_Assigned task_
Return only the lines starting at the line that contains "## Nets (pads, with" and ending with the final line of the listing; include both endpoints.

_Supplied records_
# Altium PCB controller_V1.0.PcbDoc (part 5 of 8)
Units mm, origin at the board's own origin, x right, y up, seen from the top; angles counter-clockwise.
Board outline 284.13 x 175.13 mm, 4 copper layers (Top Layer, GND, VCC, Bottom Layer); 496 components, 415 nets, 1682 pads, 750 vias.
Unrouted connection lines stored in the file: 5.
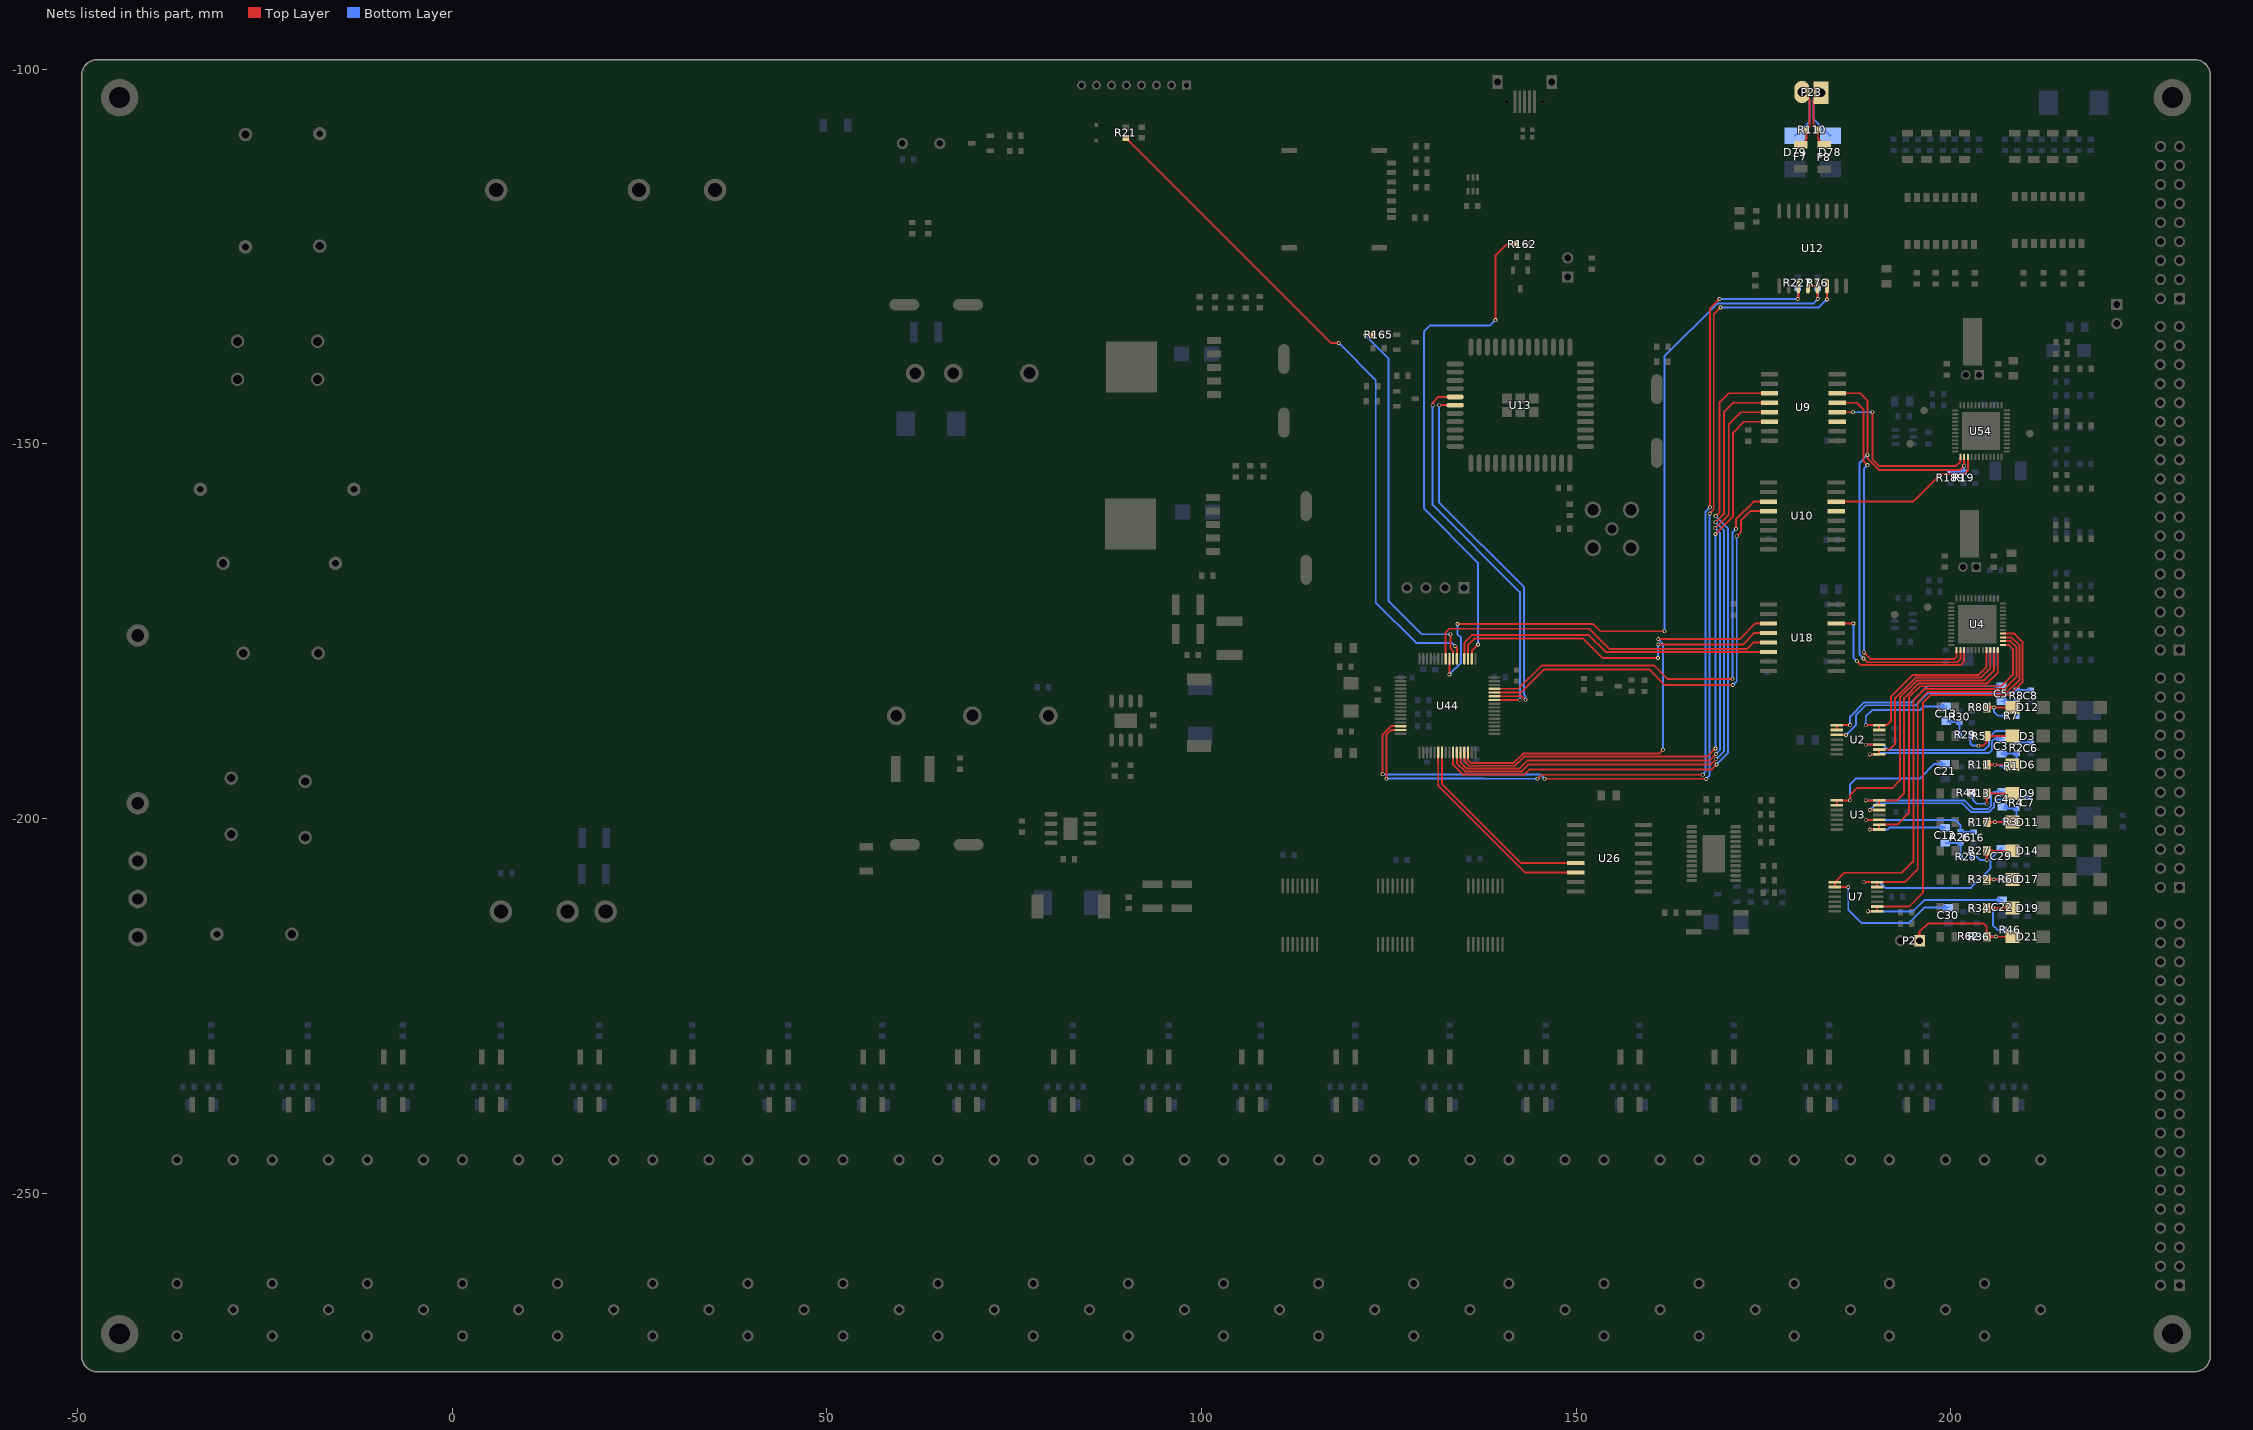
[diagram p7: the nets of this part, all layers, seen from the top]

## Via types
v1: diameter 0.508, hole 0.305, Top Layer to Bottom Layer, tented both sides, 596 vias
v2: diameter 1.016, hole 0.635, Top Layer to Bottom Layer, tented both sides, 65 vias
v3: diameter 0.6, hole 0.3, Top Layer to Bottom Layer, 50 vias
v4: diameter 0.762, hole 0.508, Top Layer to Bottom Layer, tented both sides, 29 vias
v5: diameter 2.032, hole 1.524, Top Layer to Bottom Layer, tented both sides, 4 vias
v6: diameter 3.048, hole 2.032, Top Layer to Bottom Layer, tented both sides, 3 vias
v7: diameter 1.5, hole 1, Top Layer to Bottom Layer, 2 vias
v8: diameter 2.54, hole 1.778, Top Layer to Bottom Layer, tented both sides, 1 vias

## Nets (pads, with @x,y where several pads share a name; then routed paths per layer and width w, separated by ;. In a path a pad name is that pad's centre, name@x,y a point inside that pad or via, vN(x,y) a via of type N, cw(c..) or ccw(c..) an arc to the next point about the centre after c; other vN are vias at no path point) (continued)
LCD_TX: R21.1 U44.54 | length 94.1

_The completed task_
## Nets (pads, with @x,y where several pads share a name; then routed paths per layer and width w, separated by ;. In a path a pad name is that pad's centre, name@x,y a point inside that pad or via, vN(x,y) a via of type N, cw(c..) or ccw(c..) an arc to the next point about the centre after c; other vN are vias at no path point) (continued)
LCD_TX: R21.1 U44.54 | length 94.1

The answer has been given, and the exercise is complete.